We could debate how torturous treatment and economic oppression have plagued San Ysidro businesses for decades.  Indeed, social and environmental equality and justice are long overdue.  Fortunately, San Ysidro is poised to finally play a vital role in a competitive North American trade context.  The U.S. absolutely needs Mexico to compete with China, and strategic cross-border districts bridge socioeconomic disparity.
FINALLY, SANDAG renderings of a future San Ysidro project suggest iconic background elements yet, still depict front and center at-grade trolley expansion which would simply exasperate chronic mobility conflicts.  Understood...its just a concept.  However, imagine ACTIVE DESIGN planning connecting to ABOVE-GRADE pedestrian bridges and ramps such as we already have, including rail operations into Mexico. Imagine also a future high-speed Subway next to a subterranean Long-Haul Centralized Bus Station protecting travelers from illegal transportation providers known as wildcats.  Subterranean and above-grade public infrastructure, segregating safe paths of travel, would catalyze private investment, high-value innovation, technology and creative industries.
By necessity, really, by default, these are the design narratives now being formulated surrounding: A BOLD BORDER POLICY; Social Equity, and "Strategic" Binational Gateway(s). 

South of the San Ysidro Port of Entry - view of Tijuana

Flavio Olivieri comments:

Transportation Planning should be closely tied to an ECONOMIC DEVLOPMENT long term vision, that applies the adopted Equity Statement by SANDAG and where inclusive growth and recovery should be privileged. We need a change in paradigm, one where new transportation infrastructure should focus not just to resolve current inefficiencies of moving people to their Jobs, but to facilitate and promote the creation of high value Jobs in their communities.
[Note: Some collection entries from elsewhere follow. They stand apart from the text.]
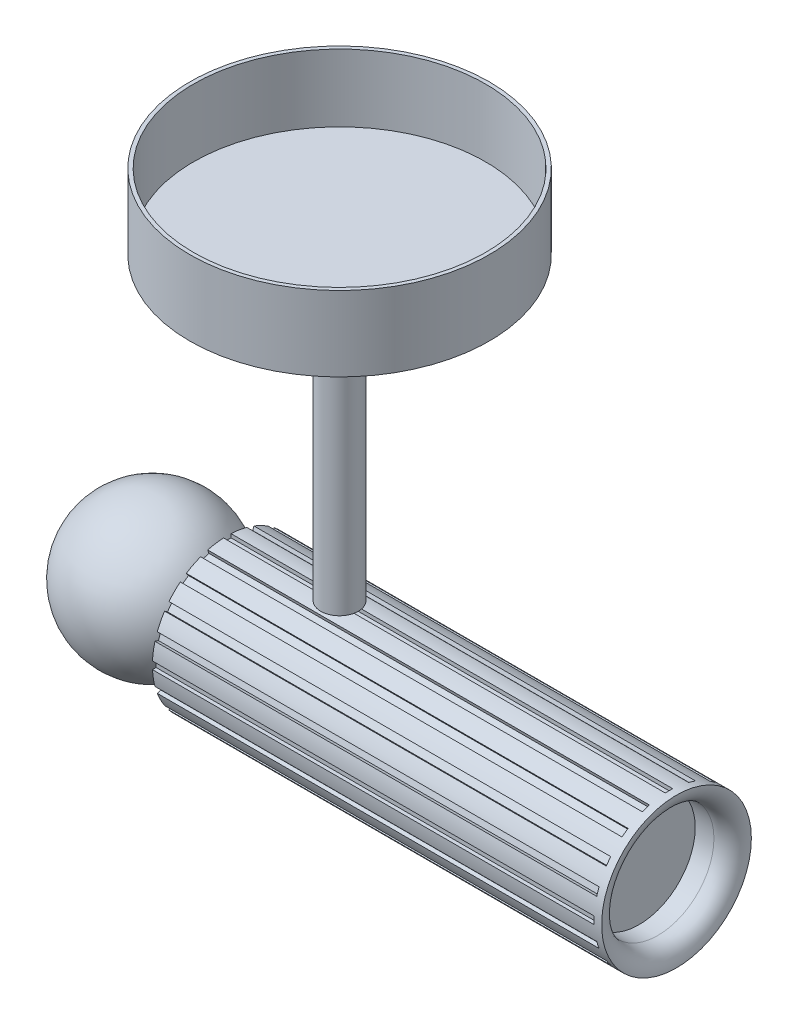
ISO-10303-21;
HEADER;
FILE_DESCRIPTION(('STEP AP214'),'2;1');
FILE_NAME('part.step','',(''),(''),'','','');
FILE_SCHEMA(('AUTOMOTIVE_DESIGN { 1 0 10303 214 1 1 1 1 }'));
ENDSEC;
DATA;
#1=APPLICATION_CONTEXT('core data for automotive mechanical design processes');
#2=APPLICATION_PROTOCOL_DEFINITION('international standard','automotive_design',2000,#1);
#3=PRODUCT_CONTEXT('',#1,'mechanical');
#4=PRODUCT('Part','Part','',(#3));
#5=PRODUCT_RELATED_PRODUCT_CATEGORY('part','',(#4));
#6=PRODUCT_DEFINITION_FORMATION('','',#4);
#7=PRODUCT_DEFINITION_CONTEXT('part definition',#1,'design');
#8=PRODUCT_DEFINITION('design','',#6,#7);
#9=PRODUCT_DEFINITION_SHAPE('','',#8);
#10=(LENGTH_UNIT() NAMED_UNIT(*) SI_UNIT(.MILLI.,.METRE.));
#11=(NAMED_UNIT(*) PLANE_ANGLE_UNIT() SI_UNIT($,.RADIAN.));
#12=(NAMED_UNIT(*) SI_UNIT($,.STERADIAN.) SOLID_ANGLE_UNIT());
#13=UNCERTAINTY_MEASURE_WITH_UNIT(LENGTH_MEASURE(1.E-05),#10,'distance_accuracy_value','');
#14=(GEOMETRIC_REPRESENTATION_CONTEXT(3) GLOBAL_UNCERTAINTY_ASSIGNED_CONTEXT((#13)) GLOBAL_UNIT_ASSIGNED_CONTEXT((#10,
#11,#12)) REPRESENTATION_CONTEXT('',''));
#15=CARTESIAN_POINT('',(0.,0.,0.));
#16=DIRECTION('',(0.,0.,1.));
#17=DIRECTION('',(1.,0.,0.));
#18=AXIS2_PLACEMENT_3D('',#15,#16,#17);
#19=CARTESIAN_POINT('',(-50.,-100.,0.));
#20=DIRECTION('',(0.,1.,0.));
#21=DIRECTION('',(1.,0.,0.));
#22=AXIS2_PLACEMENT_3D('',#19,#20,#21);
#23=SPHERICAL_SURFACE('',#22,20.);
#24=CARTESIAN_POINT('',(-50.,-80.,0.));
#25=VERTEX_POINT('',#24);
#26=VERTEX_LOOP('',#25);
#27=FACE_BOUND('',#26,.T.);
#28=ADVANCED_FACE('F131',(#27),#23,.T.);
#29=CLOSED_SHELL('',(#28));
#30=MANIFOLD_SOLID_BREP('B2',#29);
#31=CARTESIAN_POINT('',(-70.001,-9.85816727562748,-30.3403191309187));
#32=DIRECTION('',(0.,0.309016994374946,0.951056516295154));
#33=DIRECTION('',(0.,-0.951056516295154,0.309016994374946));
#34=AXIS2_PLACEMENT_3D('',#31,#32,#33);
#35=PLANE('',#34);
#36=DIRECTION('',(1.,0.,0.));
#37=VECTOR('',#36,1.);
#38=CARTESIAN_POINT('',(-70.001,-82.2421078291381,-6.82135115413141));
#39=LINE('',#38,#37);
#40=CARTESIAN_POINT('',(-30.,-82.2421078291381,-6.82135115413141));
#41=VERTEX_POINT('',#40);
#42=CARTESIAN_POINT('',(88.,-82.2421078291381,-6.82135115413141));
#43=VERTEX_POINT('',#42);
#44=EDGE_CURVE('E971',#41,#43,#39,.T.);
#45=ORIENTED_EDGE('',*,*,#44,.T.);
#46=DIRECTION('',(0.,0.951056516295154,-0.309016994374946));
#47=VECTOR('',#46,1.);
#48=CARTESIAN_POINT('',(88.,-9.85816727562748,-30.3403191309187));
#49=LINE('',#48,#47);
#50=CARTESIAN_POINT('',(88.,-81.3116779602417,-7.12366614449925));
#51=VERTEX_POINT('',#50);
#52=EDGE_CURVE('E177',#43,#51,#49,.T.);
#53=ORIENTED_EDGE('',*,*,#52,.T.);
#54=DIRECTION('',(1.,0.,0.));
#55=VECTOR('',#54,1.);
#56=CARTESIAN_POINT('',(-30.,-81.3116779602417,-7.12366614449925));
#57=LINE('',#56,#55);
#58=CARTESIAN_POINT('',(-30.,-81.3116779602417,-7.12366614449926));
#59=VERTEX_POINT('',#58);
#60=EDGE_CURVE('E981',#59,#51,#57,.T.);
#61=ORIENTED_EDGE('',*,*,#60,.F.);
#62=DIRECTION('',(0.,0.951056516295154,-0.309016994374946));
#63=VECTOR('',#62,1.);
#64=CARTESIAN_POINT('',(-30.,-9.85816727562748,-30.3403191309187));
#65=LINE('',#64,#63);
#66=EDGE_CURVE('E966',#41,#59,#65,.T.);
#67=ORIENTED_EDGE('',*,*,#66,.F.);
#68=EDGE_LOOP('',(#45,#53,#61,#67));
#69=FACE_BOUND('',#68,.T.);
#70=ADVANCED_FACE('F161',(#69),#35,.T.);
#71=CARTESIAN_POINT('',(-70.001,-9.24013328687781,-28.4382060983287));
#72=DIRECTION('',(0.,0.30901699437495,0.951056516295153));
#73=DIRECTION('',(0.,-0.951056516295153,0.30901699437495));
#74=AXIS2_PLACEMENT_3D('',#71,#72,#73);
#75=PLANE('',#74);
#76=DIRECTION('',(0.,0.951056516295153,-0.30901699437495));
#77=VECTOR('',#76,1.);
#78=CARTESIAN_POINT('',(88.,-9.24013328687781,-28.4382060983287));
#79=LINE('',#78,#77);
#80=CARTESIAN_POINT('',(88.,-81.6240738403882,-4.91923812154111));
#81=VERTEX_POINT('',#80);
#82=CARTESIAN_POINT('',(88.,-80.6936439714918,-5.22155311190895));
#83=VERTEX_POINT('',#82);
#84=EDGE_CURVE('E1319',#81,#83,#79,.T.);
#85=ORIENTED_EDGE('',*,*,#84,.F.);
#86=DIRECTION('',(1.,0.,0.));
#87=VECTOR('',#86,1.);
#88=CARTESIAN_POINT('',(-70.001,-81.6240738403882,-4.91923812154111));
#89=LINE('',#88,#87);
#90=CARTESIAN_POINT('',(-30.,-81.6240738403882,-4.91923812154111));
#91=VERTEX_POINT('',#90);
#92=EDGE_CURVE('E886',#91,#81,#89,.T.);
#93=ORIENTED_EDGE('',*,*,#92,.F.);
#94=DIRECTION('',(0.,0.951056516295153,-0.30901699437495));
#95=VECTOR('',#94,1.);
#96=CARTESIAN_POINT('',(-30.,-9.24013328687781,-28.4382060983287));
#97=LINE('',#96,#95);
#98=CARTESIAN_POINT('',(-30.,-80.6936439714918,-5.22155311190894));
#99=VERTEX_POINT('',#98);
#100=EDGE_CURVE('E963',#91,#99,#97,.T.);
#101=ORIENTED_EDGE('',*,*,#100,.T.);
#102=DIRECTION('',(1.,0.,0.));
#103=VECTOR('',#102,1.);
#104=CARTESIAN_POINT('',(-30.,-80.6936439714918,-5.22155311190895));
#105=LINE('',#104,#103);
#106=EDGE_CURVE('E185',#99,#83,#105,.T.);
#107=ORIENTED_EDGE('',*,*,#106,.T.);
#108=EDGE_LOOP('',(#85,#93,#101,#107));
#109=FACE_BOUND('',#108,.T.);
#110=ADVANCED_FACE('F1537',(#109),#75,.F.);
#111=CARTESIAN_POINT('',(-70.001,-81.6240738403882,-4.91923812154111));
#112=DIRECTION('',(0.,-0.951056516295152,0.309016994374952));
#113=DIRECTION('',(0.,-0.309016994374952,-0.951056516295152));
#114=AXIS2_PLACEMENT_3D('',#111,#112,#113);
#115=PLANE('',#114);
#116=DIRECTION('',(0.,0.309016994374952,0.951056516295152));
#117=VECTOR('',#116,1.);
#118=CARTESIAN_POINT('',(88.,-81.6240738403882,-4.91923812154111));
#119=LINE('',#118,#117);
#120=EDGE_CURVE('E1322',#43,#81,#119,.T.);
#121=ORIENTED_EDGE('',*,*,#120,.F.);
#122=ORIENTED_EDGE('',*,*,#44,.F.);
#123=DIRECTION('',(0.,0.309016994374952,0.951056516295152));
#124=VECTOR('',#123,1.);
#125=CARTESIAN_POINT('',(-30.,-81.6240738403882,-4.91923812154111));
#126=LINE('',#125,#124);
#127=EDGE_CURVE('E967',#41,#91,#126,.T.);
#128=ORIENTED_EDGE('',*,*,#127,.T.);
#129=ORIENTED_EDGE('',*,*,#92,.T.);
#130=EDGE_LOOP('',(#121,#122,#128,#129));
#131=FACE_BOUND('',#130,.T.);
#132=ADVANCED_FACE('F1542',(#131),#115,.F.);
#133=CARTESIAN_POINT('',(-70.001,-9.24013328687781,28.4382060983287));
#134=DIRECTION('',(0.,-0.30901699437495,0.951056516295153));
#135=DIRECTION('',(0.,-0.951056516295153,-0.30901699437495));
#136=AXIS2_PLACEMENT_3D('',#133,#134,#135);
#137=PLANE('',#136);
#138=DIRECTION('',(1.,0.,0.));
#139=VECTOR('',#138,1.);
#140=CARTESIAN_POINT('',(-70.001,-81.6240738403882,4.91923812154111));
#141=LINE('',#140,#139);
#142=CARTESIAN_POINT('',(-30.,-81.6240738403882,4.91923812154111));
#143=VERTEX_POINT('',#142);
#144=CARTESIAN_POINT('',(88.,-81.6240738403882,4.91923812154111));
#145=VERTEX_POINT('',#144);
#146=EDGE_CURVE('E1283',#143,#145,#141,.T.);
#147=ORIENTED_EDGE('',*,*,#146,.T.);
#148=DIRECTION('',(0.,0.951056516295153,0.30901699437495));
#149=VECTOR('',#148,1.);
#150=CARTESIAN_POINT('',(88.,-9.24013328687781,28.4382060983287));
#151=LINE('',#150,#149);
#152=CARTESIAN_POINT('',(88.,-80.6936439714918,5.22155311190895));
#153=VERTEX_POINT('',#152);
#154=EDGE_CURVE('E1326',#145,#153,#151,.T.);
#155=ORIENTED_EDGE('',*,*,#154,.T.);
#156=DIRECTION('',(1.,0.,0.));
#157=VECTOR('',#156,1.);
#158=CARTESIAN_POINT('',(-30.,-80.6936439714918,5.22155311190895));
#159=LINE('',#158,#157);
#160=CARTESIAN_POINT('',(-30.,-80.6936439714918,5.22155311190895));
#161=VERTEX_POINT('',#160);
#162=EDGE_CURVE('E987',#161,#153,#159,.T.);
#163=ORIENTED_EDGE('',*,*,#162,.F.);
#164=DIRECTION('',(0.,0.951056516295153,0.30901699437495));
#165=VECTOR('',#164,1.);
#166=CARTESIAN_POINT('',(-30.,-80.6666880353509,5.23031162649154));
#167=LINE('',#166,#165);
#168=EDGE_CURVE('E735',#143,#161,#167,.T.);
#169=ORIENTED_EDGE('',*,*,#168,.F.);
#170=EDGE_LOOP('',(#147,#155,#163,#169));
#171=FACE_BOUND('',#170,.T.);
#172=ADVANCED_FACE('F1548',(#171),#137,.T.);
#173=CARTESIAN_POINT('',(-70.001,-9.85816727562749,30.3403191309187));
#174=DIRECTION('',(0.,-0.309016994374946,0.951056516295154));
#175=DIRECTION('',(0.,-0.951056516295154,-0.309016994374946));
#176=AXIS2_PLACEMENT_3D('',#173,#174,#175);
#177=PLANE('',#176);
#178=DIRECTION('',(0.,0.951056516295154,0.309016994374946));
#179=VECTOR('',#178,1.);
#180=CARTESIAN_POINT('',(88.,-9.85816727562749,30.3403191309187));
#181=LINE('',#180,#179);
#182=CARTESIAN_POINT('',(88.,-82.2421078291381,6.82135115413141));
#183=VERTEX_POINT('',#182);
#184=CARTESIAN_POINT('',(88.,-81.3116779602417,7.12366614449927));
#185=VERTEX_POINT('',#184);
#186=EDGE_CURVE('E1329',#183,#185,#181,.T.);
#187=ORIENTED_EDGE('',*,*,#186,.F.);
#188=DIRECTION('',(1.,0.,0.));
#189=VECTOR('',#188,1.);
#190=CARTESIAN_POINT('',(-70.001,-82.2421078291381,6.82135115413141));
#191=LINE('',#190,#189);
#192=CARTESIAN_POINT('',(-30.,-82.2421078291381,6.82135115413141));
#193=VERTEX_POINT('',#192);
#194=EDGE_CURVE('E1282',#193,#183,#191,.T.);
#195=ORIENTED_EDGE('',*,*,#194,.F.);
#196=DIRECTION('',(0.,0.951056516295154,0.309016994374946));
#197=VECTOR('',#196,1.);
#198=CARTESIAN_POINT('',(-30.,-81.2847220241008,7.13242465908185));
#199=LINE('',#198,#197);
#200=CARTESIAN_POINT('',(-30.,-81.3116779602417,7.12366614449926));
#201=VERTEX_POINT('',#200);
#202=EDGE_CURVE('E1279',#193,#201,#199,.T.);
#203=ORIENTED_EDGE('',*,*,#202,.T.);
#204=DIRECTION('',(1.,0.,0.));
#205=VECTOR('',#204,1.);
#206=CARTESIAN_POINT('',(-30.,-81.3116779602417,7.12366614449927));
#207=LINE('',#206,#205);
#208=EDGE_CURVE('E984',#201,#185,#207,.T.);
#209=ORIENTED_EDGE('',*,*,#208,.T.);
#210=EDGE_LOOP('',(#187,#195,#203,#209));
#211=FACE_BOUND('',#210,.T.);
#212=ADVANCED_FACE('F1817',(#211),#177,.F.);
#213=CARTESIAN_POINT('',(-70.001,-82.2421078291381,6.82135115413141));
#214=DIRECTION('',(0.,-0.95105651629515,-0.309016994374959));
#215=DIRECTION('',(0.,0.309016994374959,-0.95105651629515));
#216=AXIS2_PLACEMENT_3D('',#213,#214,#215);
#217=PLANE('',#216);
#218=DIRECTION('',(0.,-0.309016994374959,0.95105651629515));
#219=VECTOR('',#218,1.);
#220=CARTESIAN_POINT('',(88.,-82.2421078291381,6.82135115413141));
#221=LINE('',#220,#219);
#222=EDGE_CURVE('E1333',#145,#183,#221,.T.);
#223=ORIENTED_EDGE('',*,*,#222,.F.);
#224=ORIENTED_EDGE('',*,*,#146,.F.);
#225=DIRECTION('',(0.,-0.309016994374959,0.95105651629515));
#226=VECTOR('',#225,1.);
#227=CARTESIAN_POINT('',(-30.,-82.2421078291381,6.82135115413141));
#228=LINE('',#227,#226);
#229=EDGE_CURVE('E1259',#143,#193,#228,.T.);
#230=ORIENTED_EDGE('',*,*,#229,.T.);
#231=ORIENTED_EDGE('',*,*,#194,.T.);
#232=EDGE_LOOP('',(#223,#224,#230,#231));
#233=FACE_BOUND('',#232,.T.);
#234=ADVANCED_FACE('F1822',(#233),#217,.F.);
#235=CARTESIAN_POINT('',(-70.001,-35.1369355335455,-48.3618428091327));
#236=DIRECTION('',(0.,0.587785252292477,0.809016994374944));
#237=DIRECTION('',(0.,-0.809016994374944,0.587785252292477));
#238=AXIS2_PLACEMENT_3D('',#235,#236,#237);
#239=PLANE('',#238);
#240=DIRECTION('',(1.,0.,0.));
#241=VECTOR('',#240,1.);
#242=CARTESIAN_POINT('',(-70.001,-85.2191543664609,-11.9749809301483));
#243=LINE('',#242,#241);
#244=CARTESIAN_POINT('',(-30.,-85.2191543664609,-11.9749809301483));
#245=VERTEX_POINT('',#244);
#246=CARTESIAN_POINT('',(88.,-85.2191543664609,-11.9749809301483));
#247=VERTEX_POINT('',#246);
#248=EDGE_CURVE('E1268',#245,#247,#243,.T.);
#249=ORIENTED_EDGE('',*,*,#248,.T.);
#250=DIRECTION('',(0.,0.809016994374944,-0.587785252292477));
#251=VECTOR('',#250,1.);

It should create development hubs, reduce commutes or even eliminate them. The plan presented by SANDAG as is now is focused on moving people to jobs, but not creating jobs where the community lives.
In San Ysidro this is very relevant and a great opportunity for the entire region, considering the increasing integration with the Baja California economy in more creative industries and high value-added jobs. Imagine a Google binational twin campus surrounding the Port of Entry.
Today the border is seen as the end of the line, instead of a destination of opportunity, or as a HUB or node, ignoring the reality of our BINATIONAL MEGA REGION. We need to harness the binational opportunity, an opportunity to serve a market of over 2 million people.
Today San Diego has a growing gap in the talent pipeline that will increase in the coming years. Cargo movement is not the future, manufacturing will be shifting with technological advances, and serves other regions away from San Diego. CREATIVE industries on the other hand such as technology research and development are human capital-based, this represents a great opportunity for taping into talent sources and in this regard SAN YSIDRO is more strategic than OTAY mesa, and closer tied to San Diego´s economic drivers. The presented plan misses the mark, it is ignoring what is happening just a few miles south of the San Ysidro POE.